» WHAT IS REQUIRED
All records below are to be duplicated exactly, with every picture excluded.

» INPUT FOR THIS TASK

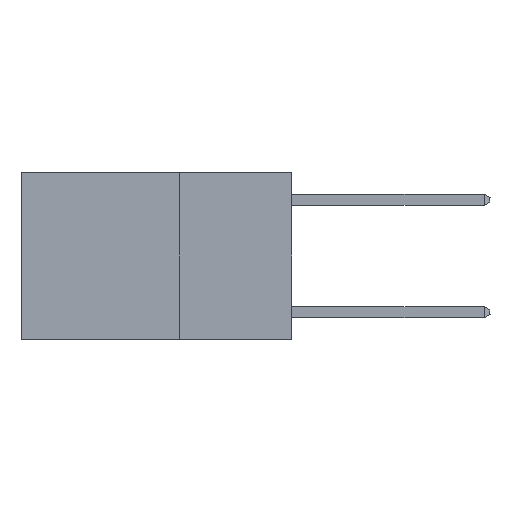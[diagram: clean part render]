
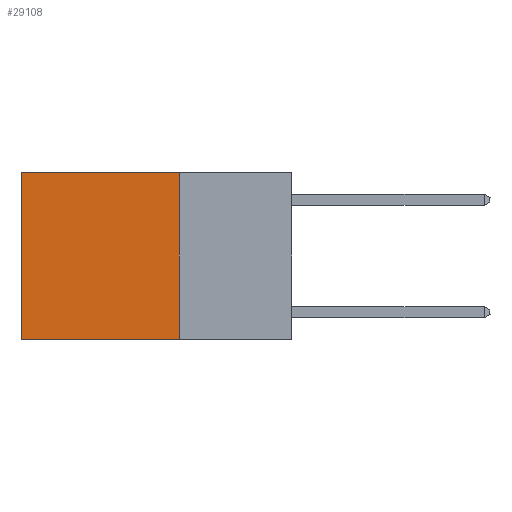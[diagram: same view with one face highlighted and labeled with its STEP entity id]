
A CAD part, left-side view. The second image highlights one B-rep face of the part: STEP entity #29108.
In plain terms, the highlighted planar face has unit normal (-1, 0, 0).
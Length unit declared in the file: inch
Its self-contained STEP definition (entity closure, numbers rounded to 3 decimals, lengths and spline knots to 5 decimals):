
#2262 = AXIS2_PLACEMENT_3D ( 'NONE', #8763, #12117, #24653 ) ;
#2523 = ORIENTED_EDGE ( 'NONE', *, *, #15830, .T. ) ;
#5278 = ORIENTED_EDGE ( 'NONE', *, *, #8709, .F. ) ;
#5968 = VERTEX_POINT ( 'NONE', #17026 ) ;
#7515 = CARTESIAN_POINT ( 'NONE',  ( 0.2625, 0.6, 0. ) ) ;
#8709 = EDGE_CURVE ( 'NONE', #11571, #5968, #16766, .T. ) ;
#8763 = CARTESIAN_POINT ( 'NONE',  ( 0.2625, 0.25, 0. ) ) ;
#8860 = VECTOR ( 'NONE', #14886, 39.37008 ) ;
#9677 = CARTESIAN_POINT ( 'NONE',  ( 0.2625, 0.25, -0.37 ) ) ;
#9918 = LINE ( 'NONE', #7515, #8860 ) ;
#10088 = VECTOR ( 'NONE', #29008, 39.37008 ) ;
#11171 = PLANE ( 'NONE',  #2262 ) ;
#11571 = VERTEX_POINT ( 'NONE', #28517 ) ;
#12117 = DIRECTION ( 'NONE',  ( 1., 0., 0. ) ) ;
#13576 = FACE_OUTER_BOUND ( 'NONE', #28478, .T. ) ;
#13612 = EDGE_CURVE ( 'NONE', #31384, #24147, #30585, .T. ) ;
#14322 = DIRECTION ( 'NONE',  ( 0., 0., -1. ) ) ;
#14641 = CARTESIAN_POINT ( 'NONE',  ( 0.2625, 0.25, 0. ) ) ;
#14886 = DIRECTION ( 'NONE',  ( 0., 0., -1. ) ) ;
#15830 = EDGE_CURVE ( 'NONE', #24147, #5968, #9918, .T. ) ;
#16766 = LINE ( 'NONE', #9677, #10088 ) ;
#17026 = CARTESIAN_POINT ( 'NONE',  ( 0.2625, 0.6, -0.37 ) ) ;
#17775 = CARTESIAN_POINT ( 'NONE',  ( 0.2625, 0.6, 0. ) ) ;
#18656 = CARTESIAN_POINT ( 'NONE',  ( 0.2625, 0.25, 0. ) ) ;
#19639 = ORIENTED_EDGE ( 'NONE', *, *, #21514, .F. ) ;
#19668 = VECTOR ( 'NONE', #28480, 39.37008 ) ;
#19911 = VECTOR ( 'NONE', #14322, 39.37008 ) ;
#21514 = EDGE_CURVE ( 'NONE', #31384, #11571, #29001, .T. ) ;
#23570 = CARTESIAN_POINT ( 'NONE',  ( 0.2625, 0.25, 0. ) ) ;
#24147 = VERTEX_POINT ( 'NONE', #17775 ) ;
#24653 = DIRECTION ( 'NONE',  ( 0., 0., -1. ) ) ;
#28478 = EDGE_LOOP ( 'NONE', ( #2523, #5278, #19639, #30819 ) ) ;
#28480 = DIRECTION ( 'NONE',  ( 0., 1., 0. ) ) ;
#28517 = CARTESIAN_POINT ( 'NONE',  ( 0.2625, 0.25, -0.37 ) ) ;
#29001 = LINE ( 'NONE', #14641, #19911 ) ;
#29008 = DIRECTION ( 'NONE',  ( 0., 1., 0. ) ) ;
#29108 = ADVANCED_FACE ( 'NONE', ( #13576 ), #11171, .F. ) ;
#30585 = LINE ( 'NONE', #18656, #19668 ) ;
#30819 = ORIENTED_EDGE ( 'NONE', *, *, #13612, .T. ) ;
#31384 = VERTEX_POINT ( 'NONE', #23570 ) ;

» OUTPUT FOR THIS TASK
[diagram: clean part render]
[diagram: same view with one face highlighted and labeled with its STEP entity id]
A CAD part, left-side view. The second image highlights one B-rep face of the part: STEP entity #29108.
In plain terms, the highlighted planar face has unit normal (-1, 0, 0).
Length unit declared in the file: inch
Its self-contained STEP definition (entity closure, numbers rounded to 3 decimals, lengths and spline knots to 5 decimals):
#2262 = AXIS2_PLACEMENT_3D ( 'NONE', #8763, #12117, #24653 ) ;
#2523 = ORIENTED_EDGE ( 'NONE', *, *, #15830, .T. ) ;
#5278 = ORIENTED_EDGE ( 'NONE', *, *, #8709, .F. ) ;
#5968 = VERTEX_POINT ( 'NONE', #17026 ) ;
#7515 = CARTESIAN_POINT ( 'NONE',  ( 0.2625, 0.6, 0. ) ) ;
#8709 = EDGE_CURVE ( 'NONE', #11571, #5968, #16766, .T. ) ;
#8763 = CARTESIAN_POINT ( 'NONE',  ( 0.2625, 0.25, 0. ) ) ;
#8860 = VECTOR ( 'NONE', #14886, 39.37008 ) ;
#9677 = CARTESIAN_POINT ( 'NONE',  ( 0.2625, 0.25, -0.37 ) ) ;
#9918 = LINE ( 'NONE', #7515, #8860 ) ;
#10088 = VECTOR ( 'NONE', #29008, 39.37008 ) ;
#11171 = PLANE ( 'NONE',  #2262 ) ;
#11571 = VERTEX_POINT ( 'NONE', #28517 ) ;
#12117 = DIRECTION ( 'NONE',  ( 1., 0., 0. ) ) ;
#13576 = FACE_OUTER_BOUND ( 'NONE', #28478, .T. ) ;
#13612 = EDGE_CURVE ( 'NONE', #31384, #24147, #30585, .T. ) ;
#14322 = DIRECTION ( 'NONE',  ( 0., 0., -1. ) ) ;
#14641 = CARTESIAN_POINT ( 'NONE',  ( 0.2625, 0.25, 0. ) ) ;
#14886 = DIRECTION ( 'NONE',  ( 0., 0., -1. ) ) ;
#15830 = EDGE_CURVE ( 'NONE', #24147, #5968, #9918, .T. ) ;
#16766 = LINE ( 'NONE', #9677, #10088 ) ;
#17026 = CARTESIAN_POINT ( 'NONE',  ( 0.2625, 0.6, -0.37 ) ) ;
#17775 = CARTESIAN_POINT ( 'NONE',  ( 0.2625, 0.6, 0. ) ) ;
#18656 = CARTESIAN_POINT ( 'NONE',  ( 0.2625, 0.25, 0. ) ) ;
#19639 = ORIENTED_EDGE ( 'NONE', *, *, #21514, .F. ) ;
#19668 = VECTOR ( 'NONE', #28480, 39.37008 ) ;
#19911 = VECTOR ( 'NONE', #14322, 39.37008 ) ;
#21514 = EDGE_CURVE ( 'NONE', #31384, #11571, #29001, .T. ) ;
#23570 = CARTESIAN_POINT ( 'NONE',  ( 0.2625, 0.25, 0. ) ) ;
#24147 = VERTEX_POINT ( 'NONE', #17775 ) ;
#24653 = DIRECTION ( 'NONE',  ( 0., 0., -1. ) ) ;
#28478 = EDGE_LOOP ( 'NONE', ( #2523, #5278, #19639, #30819 ) ) ;
#28480 = DIRECTION ( 'NONE',  ( 0., 1., 0. ) ) ;
#28517 = CARTESIAN_POINT ( 'NONE',  ( 0.2625, 0.25, -0.37 ) ) ;
#29001 = LINE ( 'NONE', #14641, #19911 ) ;
#29008 = DIRECTION ( 'NONE',  ( 0., 1., 0. ) ) ;
#29108 = ADVANCED_FACE ( 'NONE', ( #13576 ), #11171, .F. ) ;
#30585 = LINE ( 'NONE', #18656, #19668 ) ;
#30819 = ORIENTED_EDGE ( 'NONE', *, *, #13612, .T. ) ;
#31384 = VERTEX_POINT ( 'NONE', #23570 ) ;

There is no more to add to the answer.